女の子がぼくを見ていた。いつの間にか、むかいに女の子がすわっていて、その子がぼくを見ていた。ぼくらはむき合っていたけれど、かみの長い子だろうというのはわかった。黒というよりは、茶色のかみ。……同じ学年の子じゃ、ない。多分、六年生だ。かくにんしようとしたけれど、その子の緑のふくには名ふだがついていなかった。
「おもしろい?」
女の子が聞いてきた。
「まあ」
と、こたえる。

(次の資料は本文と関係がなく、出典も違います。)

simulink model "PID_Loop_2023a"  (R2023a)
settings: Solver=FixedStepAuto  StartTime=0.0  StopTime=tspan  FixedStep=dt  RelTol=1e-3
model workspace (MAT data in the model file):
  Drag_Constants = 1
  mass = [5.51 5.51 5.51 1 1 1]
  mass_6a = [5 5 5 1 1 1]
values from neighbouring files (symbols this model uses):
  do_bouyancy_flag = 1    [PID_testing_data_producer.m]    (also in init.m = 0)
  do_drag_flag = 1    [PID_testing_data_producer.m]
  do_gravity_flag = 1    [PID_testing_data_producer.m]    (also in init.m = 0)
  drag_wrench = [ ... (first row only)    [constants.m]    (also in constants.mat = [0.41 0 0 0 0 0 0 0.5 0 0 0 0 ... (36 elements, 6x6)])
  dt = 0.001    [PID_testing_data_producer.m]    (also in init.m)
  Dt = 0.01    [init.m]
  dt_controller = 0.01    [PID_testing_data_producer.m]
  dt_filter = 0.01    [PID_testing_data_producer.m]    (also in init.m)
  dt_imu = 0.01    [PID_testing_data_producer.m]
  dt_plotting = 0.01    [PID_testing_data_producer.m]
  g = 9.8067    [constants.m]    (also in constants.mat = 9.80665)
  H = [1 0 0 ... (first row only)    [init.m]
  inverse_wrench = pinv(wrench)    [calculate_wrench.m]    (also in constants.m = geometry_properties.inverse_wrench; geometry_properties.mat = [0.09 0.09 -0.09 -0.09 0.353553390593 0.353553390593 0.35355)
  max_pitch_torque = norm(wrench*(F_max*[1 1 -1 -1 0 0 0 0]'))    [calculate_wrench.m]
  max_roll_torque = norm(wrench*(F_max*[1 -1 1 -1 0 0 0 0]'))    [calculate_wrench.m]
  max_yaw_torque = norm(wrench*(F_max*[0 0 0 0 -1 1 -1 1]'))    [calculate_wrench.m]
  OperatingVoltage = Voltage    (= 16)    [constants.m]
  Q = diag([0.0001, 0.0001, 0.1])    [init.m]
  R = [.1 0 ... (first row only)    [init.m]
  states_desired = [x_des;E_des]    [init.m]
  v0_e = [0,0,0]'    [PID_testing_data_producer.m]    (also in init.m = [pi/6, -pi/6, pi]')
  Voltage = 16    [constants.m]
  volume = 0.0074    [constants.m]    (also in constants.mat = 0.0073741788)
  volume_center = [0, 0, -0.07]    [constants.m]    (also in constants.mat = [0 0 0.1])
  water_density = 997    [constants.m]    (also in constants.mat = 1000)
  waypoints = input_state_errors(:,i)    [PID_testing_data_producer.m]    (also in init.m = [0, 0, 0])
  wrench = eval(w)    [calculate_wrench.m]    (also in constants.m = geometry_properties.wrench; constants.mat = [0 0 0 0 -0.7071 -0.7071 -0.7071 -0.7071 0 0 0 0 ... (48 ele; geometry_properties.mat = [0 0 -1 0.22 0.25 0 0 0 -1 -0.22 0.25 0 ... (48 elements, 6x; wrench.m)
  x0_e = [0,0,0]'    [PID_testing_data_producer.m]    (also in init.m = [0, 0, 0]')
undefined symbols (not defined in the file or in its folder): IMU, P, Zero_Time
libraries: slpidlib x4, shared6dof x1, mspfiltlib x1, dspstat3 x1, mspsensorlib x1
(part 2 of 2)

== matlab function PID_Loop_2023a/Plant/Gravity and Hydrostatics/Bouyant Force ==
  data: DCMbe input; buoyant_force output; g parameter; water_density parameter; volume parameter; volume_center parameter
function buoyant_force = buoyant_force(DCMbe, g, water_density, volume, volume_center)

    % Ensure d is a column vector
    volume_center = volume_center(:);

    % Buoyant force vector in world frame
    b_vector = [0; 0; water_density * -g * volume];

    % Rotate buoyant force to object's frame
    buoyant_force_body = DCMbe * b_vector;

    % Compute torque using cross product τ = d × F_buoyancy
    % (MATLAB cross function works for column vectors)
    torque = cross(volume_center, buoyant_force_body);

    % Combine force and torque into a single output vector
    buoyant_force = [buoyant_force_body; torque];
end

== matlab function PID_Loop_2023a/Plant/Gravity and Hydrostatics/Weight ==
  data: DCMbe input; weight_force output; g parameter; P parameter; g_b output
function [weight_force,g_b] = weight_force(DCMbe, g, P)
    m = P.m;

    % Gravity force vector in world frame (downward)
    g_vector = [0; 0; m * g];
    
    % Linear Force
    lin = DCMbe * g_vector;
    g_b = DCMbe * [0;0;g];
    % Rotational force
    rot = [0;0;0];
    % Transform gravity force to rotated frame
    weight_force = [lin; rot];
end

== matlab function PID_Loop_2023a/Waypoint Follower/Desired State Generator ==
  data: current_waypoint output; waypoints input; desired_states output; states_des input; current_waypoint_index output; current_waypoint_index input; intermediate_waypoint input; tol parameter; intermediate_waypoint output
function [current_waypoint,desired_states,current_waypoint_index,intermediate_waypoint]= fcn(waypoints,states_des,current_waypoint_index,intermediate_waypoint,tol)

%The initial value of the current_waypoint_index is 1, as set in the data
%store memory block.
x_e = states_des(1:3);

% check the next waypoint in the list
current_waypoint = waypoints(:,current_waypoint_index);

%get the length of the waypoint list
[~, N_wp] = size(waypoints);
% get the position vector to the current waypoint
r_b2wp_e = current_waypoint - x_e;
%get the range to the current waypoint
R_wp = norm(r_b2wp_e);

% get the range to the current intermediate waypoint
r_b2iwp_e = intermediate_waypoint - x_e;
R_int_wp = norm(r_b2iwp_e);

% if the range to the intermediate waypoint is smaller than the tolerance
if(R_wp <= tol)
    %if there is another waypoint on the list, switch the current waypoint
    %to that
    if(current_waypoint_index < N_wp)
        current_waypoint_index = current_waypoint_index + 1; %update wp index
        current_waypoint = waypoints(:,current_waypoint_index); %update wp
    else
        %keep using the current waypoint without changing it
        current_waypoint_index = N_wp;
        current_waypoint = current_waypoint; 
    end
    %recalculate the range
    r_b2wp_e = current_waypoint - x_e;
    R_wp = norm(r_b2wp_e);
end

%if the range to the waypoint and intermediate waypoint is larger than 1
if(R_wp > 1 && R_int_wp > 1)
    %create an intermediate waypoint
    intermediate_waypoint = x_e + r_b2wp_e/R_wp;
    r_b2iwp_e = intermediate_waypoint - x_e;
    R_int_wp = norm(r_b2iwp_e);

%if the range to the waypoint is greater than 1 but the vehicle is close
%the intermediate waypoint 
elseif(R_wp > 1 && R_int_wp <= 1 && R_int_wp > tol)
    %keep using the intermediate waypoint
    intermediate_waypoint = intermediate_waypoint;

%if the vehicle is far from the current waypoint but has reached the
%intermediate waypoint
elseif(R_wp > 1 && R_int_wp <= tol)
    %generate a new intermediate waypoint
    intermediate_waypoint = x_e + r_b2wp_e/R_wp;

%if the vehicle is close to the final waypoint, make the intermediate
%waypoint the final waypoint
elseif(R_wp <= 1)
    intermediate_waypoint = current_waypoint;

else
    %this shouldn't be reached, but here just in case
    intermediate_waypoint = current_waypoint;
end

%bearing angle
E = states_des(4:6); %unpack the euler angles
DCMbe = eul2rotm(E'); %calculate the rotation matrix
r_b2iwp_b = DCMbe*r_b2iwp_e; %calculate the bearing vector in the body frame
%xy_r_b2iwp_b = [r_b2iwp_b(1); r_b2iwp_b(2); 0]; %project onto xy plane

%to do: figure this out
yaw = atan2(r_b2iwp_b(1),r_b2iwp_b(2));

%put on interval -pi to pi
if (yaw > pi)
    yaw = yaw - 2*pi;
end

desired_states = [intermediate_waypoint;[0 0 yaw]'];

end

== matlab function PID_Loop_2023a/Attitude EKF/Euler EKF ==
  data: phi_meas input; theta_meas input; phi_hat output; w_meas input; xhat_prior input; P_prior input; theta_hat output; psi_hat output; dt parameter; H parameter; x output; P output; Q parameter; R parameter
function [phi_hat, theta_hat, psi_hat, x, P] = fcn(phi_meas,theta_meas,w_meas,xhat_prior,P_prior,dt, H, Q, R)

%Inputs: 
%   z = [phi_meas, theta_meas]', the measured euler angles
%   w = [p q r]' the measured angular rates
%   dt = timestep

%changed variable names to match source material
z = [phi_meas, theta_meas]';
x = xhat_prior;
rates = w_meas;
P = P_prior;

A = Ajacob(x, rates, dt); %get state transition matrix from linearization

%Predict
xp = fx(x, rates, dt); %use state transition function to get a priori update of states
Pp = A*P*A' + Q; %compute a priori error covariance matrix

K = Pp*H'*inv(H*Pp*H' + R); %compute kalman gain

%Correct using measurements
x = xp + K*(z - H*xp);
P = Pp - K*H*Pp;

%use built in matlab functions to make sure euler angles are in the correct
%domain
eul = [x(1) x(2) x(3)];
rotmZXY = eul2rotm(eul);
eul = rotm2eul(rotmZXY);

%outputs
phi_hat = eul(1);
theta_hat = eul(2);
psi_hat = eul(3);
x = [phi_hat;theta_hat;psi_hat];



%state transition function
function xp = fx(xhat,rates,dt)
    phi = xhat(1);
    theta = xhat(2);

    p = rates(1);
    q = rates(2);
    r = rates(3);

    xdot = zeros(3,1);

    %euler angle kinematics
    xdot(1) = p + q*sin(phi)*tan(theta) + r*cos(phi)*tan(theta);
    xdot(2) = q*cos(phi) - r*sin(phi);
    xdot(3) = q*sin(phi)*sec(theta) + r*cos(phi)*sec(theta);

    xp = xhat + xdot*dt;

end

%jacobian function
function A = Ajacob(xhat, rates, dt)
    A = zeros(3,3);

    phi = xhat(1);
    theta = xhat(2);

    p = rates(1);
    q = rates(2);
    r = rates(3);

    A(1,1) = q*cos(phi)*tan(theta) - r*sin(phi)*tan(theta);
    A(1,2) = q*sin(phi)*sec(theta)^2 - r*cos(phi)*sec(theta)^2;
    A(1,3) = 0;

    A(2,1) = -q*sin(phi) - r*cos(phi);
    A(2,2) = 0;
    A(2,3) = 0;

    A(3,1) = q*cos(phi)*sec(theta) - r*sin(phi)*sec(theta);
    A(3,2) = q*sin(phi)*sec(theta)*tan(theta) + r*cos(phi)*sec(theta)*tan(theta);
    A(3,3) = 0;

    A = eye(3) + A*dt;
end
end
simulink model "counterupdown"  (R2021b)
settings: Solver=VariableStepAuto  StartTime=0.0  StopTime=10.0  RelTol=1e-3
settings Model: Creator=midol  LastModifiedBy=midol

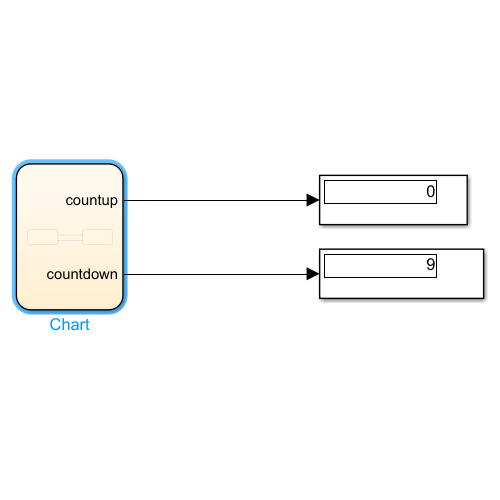
[thumbnail: Simulink's stored preview of the top-level diagram]
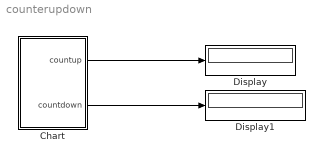
== system counterupdown ==
  Chart : Stateflow chart  TreatAsAtomicUnit=on
  Display : Display
  Display1 : Display
  wires:
  Chart/1(countup) -> Display/1
  Chart/2(countdown) -> Display1/1

== stateflow chart counterupdown/Chart ==
  state increment [parallel]
    en:
    countup = 0;
    du:
    countup = countup+1;
    ex:
    countup = 0;
    settings: executionOrder=1
  state decrement [parallel]
    en:
    countdown = 10;
    du:
    countdown = countdown-1;
    ex:
    countdown = 10;
    settings: executionOrder=2
  increment -> decrement : [countup == 10]
  decrement -> increment : [countdown == 0]
  data: countup output; countdown output
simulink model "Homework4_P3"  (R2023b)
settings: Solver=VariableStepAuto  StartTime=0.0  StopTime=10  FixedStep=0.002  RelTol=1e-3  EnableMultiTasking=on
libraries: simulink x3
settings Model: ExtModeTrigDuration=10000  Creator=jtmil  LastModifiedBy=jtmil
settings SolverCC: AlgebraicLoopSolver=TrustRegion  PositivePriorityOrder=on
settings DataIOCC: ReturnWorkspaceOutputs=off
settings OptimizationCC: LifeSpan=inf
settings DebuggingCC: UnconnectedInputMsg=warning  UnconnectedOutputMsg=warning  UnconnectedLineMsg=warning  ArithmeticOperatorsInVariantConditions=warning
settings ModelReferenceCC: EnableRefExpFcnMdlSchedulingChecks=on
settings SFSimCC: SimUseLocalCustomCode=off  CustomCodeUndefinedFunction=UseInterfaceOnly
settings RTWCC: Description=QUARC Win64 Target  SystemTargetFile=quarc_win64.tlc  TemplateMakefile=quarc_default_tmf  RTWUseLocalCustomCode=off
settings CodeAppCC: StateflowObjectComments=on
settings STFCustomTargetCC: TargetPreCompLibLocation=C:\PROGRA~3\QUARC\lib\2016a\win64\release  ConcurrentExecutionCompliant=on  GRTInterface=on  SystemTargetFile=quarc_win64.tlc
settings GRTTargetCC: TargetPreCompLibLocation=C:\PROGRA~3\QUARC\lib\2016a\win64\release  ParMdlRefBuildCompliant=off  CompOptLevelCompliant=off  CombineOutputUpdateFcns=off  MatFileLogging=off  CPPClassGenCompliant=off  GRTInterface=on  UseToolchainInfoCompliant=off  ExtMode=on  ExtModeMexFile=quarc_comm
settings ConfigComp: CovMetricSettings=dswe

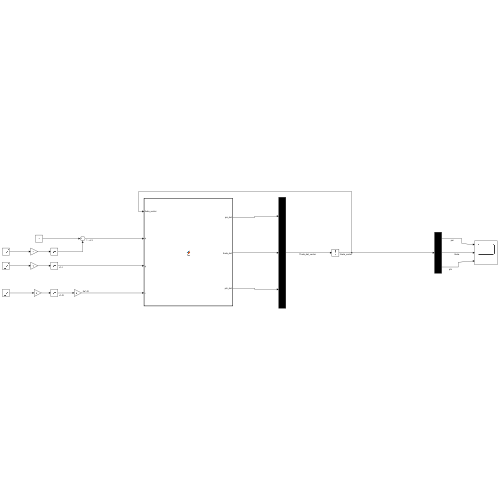
[thumbnail: Simulink's stored preview of the top-level diagram]
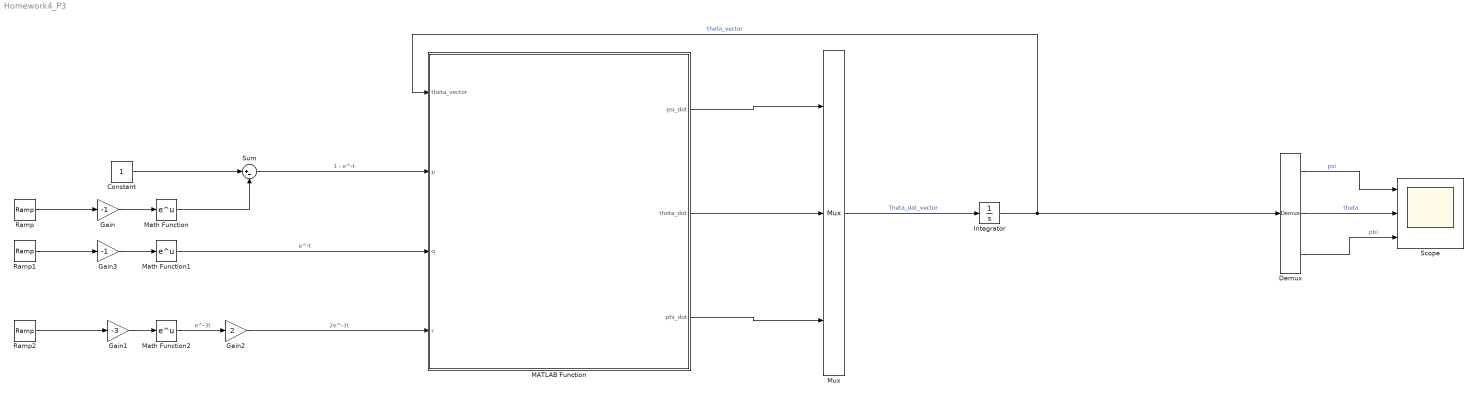
== system Homework4_P3 ==
  Constant : Constant
  Demux : Demux  Outputs=3
  Gain : Gain  Gain=-1
  Gain1 : Gain  Gain=-3
  Gain2 : Gain  Gain=2
  Gain3 : Gain  Gain=-1
  Integrator : Integrator  InitialCondition=[0;45;0]
  MATLAB Function : MATLAB Function  TreatAsAtomicUnit=on
  Math Function : Math
  Math Function1 : Math
  Math Function2 : Math
  Mux : Mux  Inputs=3
  Ramp : simulink/Sources/Ramp  slope=1  start=0  InitialOutput=0
  Ramp1 : simulink/Sources/Ramp  slope=1  start=0  InitialOutput=0
  Ramp2 : simulink/Sources/Ramp  slope=1  start=0  InitialOutput=0
  Scope : Scope  NumInputPorts=3
  Sum : Sum  Inputs=|+-
  wires:
  Math Function/1 -> Sum/2
  Constant/1 -> Sum/1
  Math Function2/1 -> Gain2/1  "e^-3t"
  Gain1/1 -> Math Function2/1
  Gain2/1 -> MATLAB Function/4(r)  "2e^-3t"
  Math Function1/1 -> MATLAB Function/3(q)  "e^-t"
  Sum/1 -> MATLAB Function/2(p)  "1 - e^-t"
  MATLAB Function/1(psi_dot) -> Mux/1
  MATLAB Function/2(theta_dot) -> Mux/2
  MATLAB Function/3(phi_dot) -> Mux/3
  Mux/1 -> Integrator/1  "Theta_dat_vector"
  Integrator/1 -> Demux/1, MATLAB Function/1(theta_vector)  "theta_vector"
  Demux/2 -> Scope/2  "theta"
  Demux/1 -> Scope/1  "psi"
  Demux/3 -> Scope/3  "phi"
  Gain/1 -> Math Function/1
  Gain3/1 -> Math Function1/1
  Ramp/1 -> Gain/1
  Ramp1/1 -> Gain3/1
  Ramp2/1 -> Gain1/1

== matlab function Homework4_P3/MATLAB Function ==
  data: theta_vector input; p input; psi_dot output; q input; r input; theta_dot output; phi_dot output
function [psi_dot, theta_dot, phi_dot] = fcn(theta_vector, p, q, r)

w_B = [p; q; r];

psi = theta_vector(1);
theta = theta_vector(2);
phi = theta_vector(3);

B_inv = (1/cosd(theta))*[0, sind(phi), cosd(phi); 
         0, cosd(phi)*cosd(theta), -sind(phi)*cosd(theta); 
         cosd(theta), sind(phi)*sind(theta), cosd(phi)*sind(theta)];

theta_dot_vector = B_inv * w_B; 

psi_dot = theta_dot_vector(1); 
theta_dot = theta_dot_vector(2);
phi_dot = theta_dot_vector(3);

end

ふかくは考えなかった。
「……そう」
女の子は、ぼくの顔をじっと見ている。
「まあ、というのは」
と、女の子は右手の人さしゆびをかるく下くちびるにあてた。
「まあまあ、ということ? とくに、どうということはない? どうでもいい?」
女の子の目がぼくをとらえる。――そのひとみは、はい色に見えた。
えっ、と思った時には、女の子のひとみは茶黒だった。
気のせい――だったの、かな? なんだかふあんになる。のどがつかえる。
「あ、いや。まだ半分も読んでないから。だから、まぁ……」
「まあ?」
と、首をかたむける女の子。ぼくはむりに声を出しているのに、女の子はなんだかぐいぐいくる。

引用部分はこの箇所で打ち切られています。